Gli euro della Schutzgebuhr servono in parte a pagare i costi di preparazione nel paese di origine (vaccinazioni, test, chip, passaporto) ed in parte a pagare i costi in Germania (sterilizzazioni, interventi chirurgici, ecc. ). Questo concetto è spiegato molto bene nella lettera di Doris Frick che allego.
A disposizione per fornire spiegazioni a chi come te vuole capire .......con chi non vuole capire ho perso ormai la speranza.
Cari saluti, Corinna Epifania
Vicepresidente di Diamoci la Zampa
Dibattito sulle Adozioni Internazionali:
Comunicato del 21 Dicembre 2005
Campagna denigratoria nei confronti delle associazioni animaliste che promuovono le adozioni internazionali
Sta circolando in questi giorni un comunicato dell'associazione Dog Angels nel quale vengono messi in guardia comuni, canili, Asl e associazioni dal pericolo costituito da alcune associazioni dedite "...all'esportazione di cani e gatti in paesi europei (...) dove le tutele di legge sono spesso molto inferiori rispetto a quelle della legge italiana".
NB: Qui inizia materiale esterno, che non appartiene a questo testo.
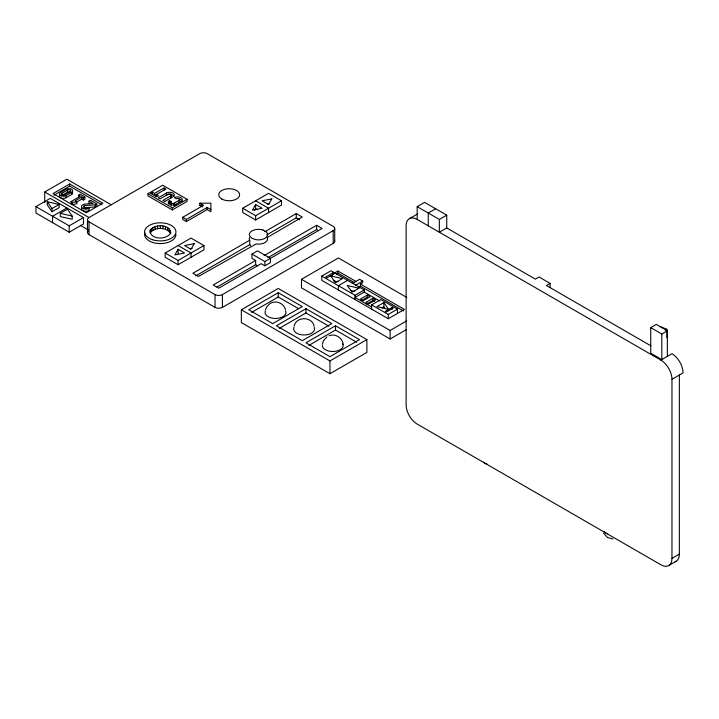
<?xml version="1.0" encoding="UTF-8"?>
<svg xmlns="http://www.w3.org/2000/svg" width="719" height="719" viewBox="0 0 719 719"><rect width="100%" height="100%" fill="white"/><g stroke="black" fill="none" stroke-linecap="round" stroke-linejoin="round"><path stroke-width="1.08" d="M150.172 230.305C149.462 239.742 166.206 240.191 170.349 233.432C171.068 223.995 154.315 223.546 150.172 230.305L150.172 232.974C154.612 226.889 165.918 226.889 170.349 232.974L170.349 230.305M322.373 344.365L323.406 340.77L326.875 336.905M265.5 309.772L266.758 306.815L269.634 303.858M294.116 326.291C296.012 316.189 312.217 316.189 314.113 326.291M178.105 249.277L174.879 254.877L184.567 253.007L178.105 249.277L178.105 253.537M255.649 204.511L252.423 210.11L262.111 208.24L255.649 204.511L255.649 208.771L254.571 210.64M44.722 202.641L44.722 191.982L66.876 179.193L111.184 204.78M69.644 183.992L53.026 193.582L86.262 212.77L102.88 203.18L69.644 183.992L69.644 186.122L101.927 204.762M53.952 195.182L69.644 186.122M35.95 206.641L50.258 198.381L83.494 217.569L83.494 223.96L69.186 232.228L35.95 213.04L35.95 206.641L69.186 225.829L83.494 217.569M62.005 193.222L67.46 190.077A1.923 1.114 0 0 1 70.183 190.077A1.923 1.114 0 0 1 70.183 191.649L64.728 194.795A1.923 1.114 0 0 1 62.005 194.795A1.923 1.114 0 0 1 62.005 193.222L62.005 195.352L67.46 192.207A1.923 1.114 0 0 1 70.489 192.44M66.094 195.586L71.549 192.431A3.856 2.229 0 0 0 71.549 189.286A3.856 2.229 0 0 0 66.094 189.286L60.648 192.431A3.856 2.229 0 0 0 60.648 195.586A3.856 2.229 0 0 0 66.094 195.586L66.094 197.716A3.856 2.229 0 0 1 61.025 197.905A3.856 2.229 0 0 1 60.028 195.029M66.094 197.716L71.549 194.57A3.856 2.229 0 0 0 72.161 191.883M51.993 211.772L51.993 208.573L59.147 204.448L59.147 207.638L51.993 211.772L47.256 204.906L47.256 201.715L59.147 204.448M78.569 197.276L78.569 195.146L80.133 194.247L84.905 196.997L84.905 199.136L83.35 200.035L81.759 199.118L76.16 202.345M84.905 196.997L83.35 197.896L81.759 196.979L75.225 200.754L76.816 201.671L76.816 203.801L72.412 204.511L71.028 203.711L71.028 201.581L80.375 196.179L78.569 195.146M66.876 207.971L52.568 216.239L52.568 222.629M60.297 213.372L67.451 209.238L72.179 216.104L72.179 219.295L60.297 216.572L60.297 213.372L72.179 216.104M89.03 203.315L89.03 201.176L90.585 200.277L96.813 203.881L96.813 206.011L95.259 206.91L84.357 207.809A2.202 1.276 0 0 0 84.006 208.07M84.357 207.809L84.357 205.679L95.259 204.78L96.813 203.881M44.722 191.982L89.03 217.569L199.801 153.614A5.222 3.011 0 0 1 207.189 153.614L333.194 226.359A5.222 3.011 0 0 1 333.194 230.628L333.194 243.417L222.423 307.373A5.222 3.011 0 0 1 215.035 307.373L89.03 234.619A5.222 3.011 0 0 1 88.203 230.979M147.943 193.744L162.71 185.214L187.066 199.28L187.066 201.41L172.299 209.939L147.943 195.874L147.943 193.744L172.299 207.8L187.066 199.28M154.504 193.447L154.504 195.577L165.891 189.007L164.04 187.938L154.504 193.447L152.401 192.234L150.559 193.294L156.616 196.79L158.459 195.73L156.347 194.507L156.347 196.647M164.696 201.536L172.92 196.79A4.566 2.642 0 0 0 172.92 193.06A4.566 2.642 0 0 0 166.457 193.06L158.297 197.77L160.148 198.83L168.147 194.211A1.959 1.132 0 0 1 170.915 194.211A1.959 1.132 0 0 1 170.915 195.811L170.915 197.941A1.959 1.132 0 0 0 171.23 196.584M170.915 195.811L162.916 200.43L164.759 201.5M174.142 203.189L179.067 200.34A1.959 1.132 0 0 0 179.067 198.741A1.959 1.132 0 0 0 176.299 198.741L174.456 197.68A4.566 2.642 0 0 1 180.918 197.68A4.566 2.642 0 0 1 180.918 201.41L174.142 205.319L174.142 203.189A1.959 1.132 0 0 1 171.374 203.189A1.959 1.132 0 0 1 171.374 201.59L169.531 200.52L169.531 202.65A4.566 2.642 0 0 0 168.345 203.837M199.81 203.171L210.892 203.171L210.892 211.701L207.198 209.571L186.428 221.56L182.734 219.43L182.734 217.291L203.504 205.301L199.81 203.171L199.81 205.301L202.587 206.901M182.734 217.291L186.428 219.43L207.198 207.432L210.892 209.571M165.181 253.007L191.029 238.088L203.953 245.547L203.953 249.808L178.105 264.736L165.181 257.276L165.181 253.007L178.105 260.467L203.953 245.547M242.725 208.24L268.573 193.321L281.497 200.781L281.497 205.041L255.649 219.969L242.725 212.5L242.725 208.24L255.649 215.7L281.497 200.781M249.619 237.504A9.14 5.276 0 0 0 249.619 240.236L192.881 273.265L198.417 276.456L256.081 243.966A9.14 5.276 0 0 0 267.27 237.504L302.268 217.03L296.264 213.57L264.934 231.662M195.775 275.853L249.754 244.685L249.754 240.425M266.83 234.825L296.264 217.83L299.697 219.816M255.649 260.467L251.956 258.337L251.956 254.077L257.492 250.877L270.416 258.337L270.416 262.606L264.88 265.796L261.186 263.666L218.729 288.184L213.184 284.985L255.649 260.467L255.649 264.736L217.048 287.025M264.107 255.587L316.576 225.299L322.112 228.489L264.88 261.536L251.956 254.077M267.989 257.609L316.576 229.559L318.418 230.628M89.03 217.569A5.222 3.011 0 0 0 89.03 221.829L215.035 294.583A5.222 3.011 0 0 0 222.423 294.583L333.194 230.628M679.356 375.048L679.356 554.124L671.968 558.393A15.665 9.041 60 0 1 660.896 564.783L417.191 424.084A15.665 9.041 60 0 1 406.118 404.896L406.118 225.829A15.665 9.041 60 0 1 417.191 219.43L417.191 206.641L424.578 202.372L446.733 215.17L446.733 227.959L535.349 279.125L539.043 276.986L550.125 283.385L550.125 287.645M241.341 309.772L278.262 288.454L366.888 339.611L366.888 352.409L329.958 373.718L241.341 322.561L241.341 309.772L329.958 360.929L366.888 339.611M278.262 292.714L248.729 309.772L272.726 323.622L302.268 306.573L278.262 292.714L278.262 296.974L251.587 312.379M406.612 329.455L390.093 338.991L301.477 287.825L301.477 279.296L338.406 257.977L406.792 297.459M409.363 218.657L417.667 213.858M435.66 208.771L428.272 213.031L428.272 225.829M403.449 310.985L360.435 286.153L360.435 284.023L404.402 309.413L388.251 318.733L321.788 280.365L321.788 276.096L331.019 270.766L364.245 289.955L364.245 292.085L379.947 301.144M332.636 273.031L325.707 277.031L327.091 277.831L334.02 273.831L332.636 273.031L332.636 275.17M333.616 273.535L337.939 271.036L356.345 281.659M336.213 274.164L337.939 273.166L354.404 282.675M417.191 206.641L439.345 219.43L446.733 215.17M347.637 280.365L338.406 285.695L338.406 289.955M305.961 308.703L276.42 325.761L302.268 340.68L331.81 323.622L305.961 308.703L305.961 312.963L279.278 328.367M446.733 227.959L439.345 232.219L439.345 219.43M352.238 283.556L359.617 279.287L362.744 281.093L362.744 282.693L360.435 284.023M355.357 285.353L362.744 281.093M358.7 287.151L360.435 286.153M321.788 276.096L355.015 295.284L364.245 289.955M364.245 292.085L355.015 297.414L371.633 307.013M367.247 295.149L360.327 299.149L363.095 300.749L370.015 296.749L367.247 295.149L367.247 297.28L362.061 300.281M372.793 298.349L365.863 302.348L368.631 303.948L375.561 299.949L372.793 298.349L372.793 300.479L366.735 303.975M335.503 325.761L305.961 342.81L329.958 356.669L359.5 339.611L335.503 325.761L335.503 330.021L308.819 345.426M371.633 309.143L371.633 304.874L380.863 299.544L397.481 309.143L397.481 313.403M383.865 302.609L376.945 306.609L388.709 309.413L383.865 302.609L383.865 306.878L385.078 308.577M382.14 307.876L383.865 306.878M392.17 307.408L385.249 311.408L386.292 312.01L393.212 308.011L392.17 307.408L392.17 309.538M371.633 304.874L388.251 314.473L397.481 309.143M301.477 279.296L390.093 330.461L406.612 320.926M550.125 283.385L546.431 285.515L650.875 345.812M650.74 327.621L661.822 334.011L661.822 359.599L650.74 353.2L650.74 327.621L656.276 324.422L667.358 330.821L667.358 356.399M665.354 330.174L666.899 329.284L666.899 337.678M661.822 334.011L667.358 330.821M417.191 219.43L660.896 360.129L671.968 353.73A15.665 9.041 60 0 1 683.05 372.918L671.968 379.317L671.968 558.393M668.724 565.565L676.112 561.296M270.272 303.391L271.809 302.708M329.041 335.755C335.099 333.131 342.577 337.84 343.08 344.365M272.321 302.492C277.723 300.614 284.302 304.146 285.497 309.772M267.495 204.007L269.652 203.594M189.96 248.774L192.108 248.361M71.028 201.581L72.412 202.381L76.816 201.671M199.81 205.301L202.03 205.301M612.894 538.98L607.672 537.587L603.574 533.246M333.769 280.859L338.047 281.875M350.387 290.449L354.665 291.474M666.899 329.284L660.437 326.624M255.649 200.781L268.573 208.24L268.573 212.5M255.649 208.771L257.492 209.84M372.793 300.479L374.635 301.549M169.531 202.65L171.374 203.72A1.959 1.132 0 0 0 171.374 205.319M255.649 264.736L257.492 265.796M278.262 296.974L298.43 308.613M305.961 312.963L328.934 326.228M335.503 330.021L356.624 342.217M178.105 245.547L191.029 253.007L191.029 257.276M89.03 201.176L93.03 203.486L84.77 204.115A4.404 2.543 0 0 0 82.101 207.845A4.404 2.543 0 0 0 89.03 208.375L89.03 210.505A4.404 2.543 0 0 1 83.71 210.91A4.404 2.543 0 0 1 81.66 208.052M89.03 208.375L87.475 207.476A2.202 1.276 0 0 1 84.357 207.476A2.202 1.276 0 0 1 84.357 205.679M80.357 225.353L88.069 229.801M249.754 244.685L250.536 245.772M47.256 201.715L51.993 208.573M390.093 330.461L390.093 338.991M388.251 314.473L388.251 318.733M355.015 295.284L355.015 299.544M337.939 271.036L337.939 273.166M334.721 228.489L334.721 241.287M329.958 360.929L329.958 373.718M316.576 225.299L316.576 229.559M296.264 213.57L296.264 217.83M264.88 261.536L264.88 265.796M255.649 215.7L255.649 219.969M222.423 294.583L222.423 307.373M215.035 294.583L215.035 307.373M207.198 207.432L207.198 209.571M186.428 219.43L186.428 221.56M179.067 200.34L179.067 202.47A1.959 1.132 0 0 0 179.382 201.113M178.105 260.467L178.105 264.736M172.299 207.8L172.299 209.939M171.374 201.59L171.374 203.72M170.709 231.869L170.709 233.648M169.307 228.858L169.307 231.518M167.644 227.608L167.644 230.269M166.457 193.06L166.457 195.191A4.566 2.642 0 0 1 167.401 194.768M165.487 226.647L165.487 229.307M164.04 187.938L164.04 190.068M162.961 226.045L162.961 228.705M160.265 225.838L160.265 228.507M157.56 226.045L157.56 228.705M155.043 226.647L155.043 229.307M152.877 227.608L152.877 230.269M152.401 192.234L152.401 194.364M151.215 228.858L151.215 231.518M95.259 204.78L95.259 206.91M89.03 221.829L89.03 234.619M87.502 219.699L87.502 232.489M83.35 197.896L83.35 200.035M81.759 196.979L81.759 199.118M72.412 202.381L72.412 204.511M71.549 192.431L71.549 194.57M69.186 225.829L69.186 232.228M67.46 190.077L67.46 192.207M314.203 327.397A10.443 6.031 0 0 1 304.11 334.982A10.443 6.031 0 0 1 294.026 327.397M285.587 310.869A10.443 6.031 0 0 1 275.494 318.463A10.443 6.031 0 0 1 265.41 310.869M342.819 343.916A10.443 6.031 0 0 1 334.092 351.456A10.443 6.031 0 0 1 322.283 345.479M175.93 234.529A15.665 9.041 0 0 1 158.899 243.543A15.665 9.041 0 0 1 144.834 232.956M175.993 204.25A4.566 2.642 0 0 1 169.531 204.25A4.566 2.642 0 0 1 169.531 200.52M168.498 194.507A4.566 2.642 0 0 1 174.097 196.377M178.869 199.127A4.566 2.642 0 0 1 182.096 200.996M334.677 240.892A5.222 3.011 0 0 1 333.194 243.417M679.356 554.124A15.665 9.041 60 0 1 675.024 561.773M660.896 360.129A15.665 9.041 60 0 1 671.968 379.317M487.419 464.339A10.443 6.031 60 0 1 483.59 462.128M607.672 533.768A10.443 6.031 0 0 1 603.852 531.557M194.265 243.678L191.029 249.277L184.567 245.547L194.265 243.678M271.809 198.911L268.573 204.511L262.111 200.781L271.809 198.911M342.325 278.63L335.405 282.63L330.56 275.835L342.325 278.63M358.943 288.22L352.022 292.22L347.169 285.425L358.943 288.22M263.01 230.035L260.808 229.514A9.14 5.276 0 0 0 249.619 235.976L251.983 238.34L256.081 239.706A9.14 5.276 0 0 0 267.27 233.244L266.363 231.967L263.01 230.035M221.803 199.001A10.443 6.031 0 0 0 239.274 196.296A10.443 6.031 0 0 0 226.485 188.917A10.443 6.031 0 0 0 221.803 199.001M152.428 239.697A15.665 9.041 0 0 0 175.93 231.869A15.665 9.041 0 0 0 152.428 224.031A15.665 9.041 0 0 0 152.428 239.697"/></g></svg>

Poichè il comunicato fa esplicito riferimento ad adozioni in Olanda e in Svezia, cioè a due paesi con i quali solo Save the Dogs onlus collabora per gli affidi internazionali, abbiamo provveduto a querelare per diffamazione Dog Angels, tenendo conto del fatto che:
- il comunicato accusa la nostra associazione di essere sostanzialmente un ente a scopo di lucro che "esporta" cani a fronte di compensi da parte delle pubbliche amministrazioni e dei partner stranieri;
- afferma il falso sostenendo che non vengono forniti i dati delle destinazioni finali di questi animali nè; ai comuni nè alle Asl;
- afferma il falso sostenendo che le leggi di paesi europei quali Germania, Olanda e Svezia non tutelerebbero cani e gatti abbandonati quanto la legge 281/91, affermazione che non viene sostenuta da nessun preciso riferimento alle leggi di questi paesi, peraltro sconosciute all'associazione Dog Angels;
- dissuade i comuni dal collaborare con associazioni onlus che operano seguendo metodi diversi da quello dei Dog Angels, insinuando gravi dubbi sul nostro operato e sulla effettiva bontà delle adozioni da noi selezionate.
La nostra associazione è fiera di aver dato una nuova vita ad oltre 170 tra cani e gatti in Italia, Svizzera, Olanda e in Svezia nel corso del 2005. Tali collaborazioni con enti nazionali ed internazionali vengono ampiamente pubblicizzate tramite il nostro sito www.savethedogs.it e per mezzo della newsletter Save. Le adozioni sono trasparenti e i dati vengono forniti agli enti sanitari preposti e ai Comuni interessati. Riteniamo inoltre diritto inalienabile di ogni ente chiedere un contributo ai Comuni a copertura (spesso parziale) delle spese sostenute per facilitare l'adozione del cane e per tutte le cure mediche che purtroppo risultano necessarie tutte le volte che viene prelevato un cane da un canile pubblico.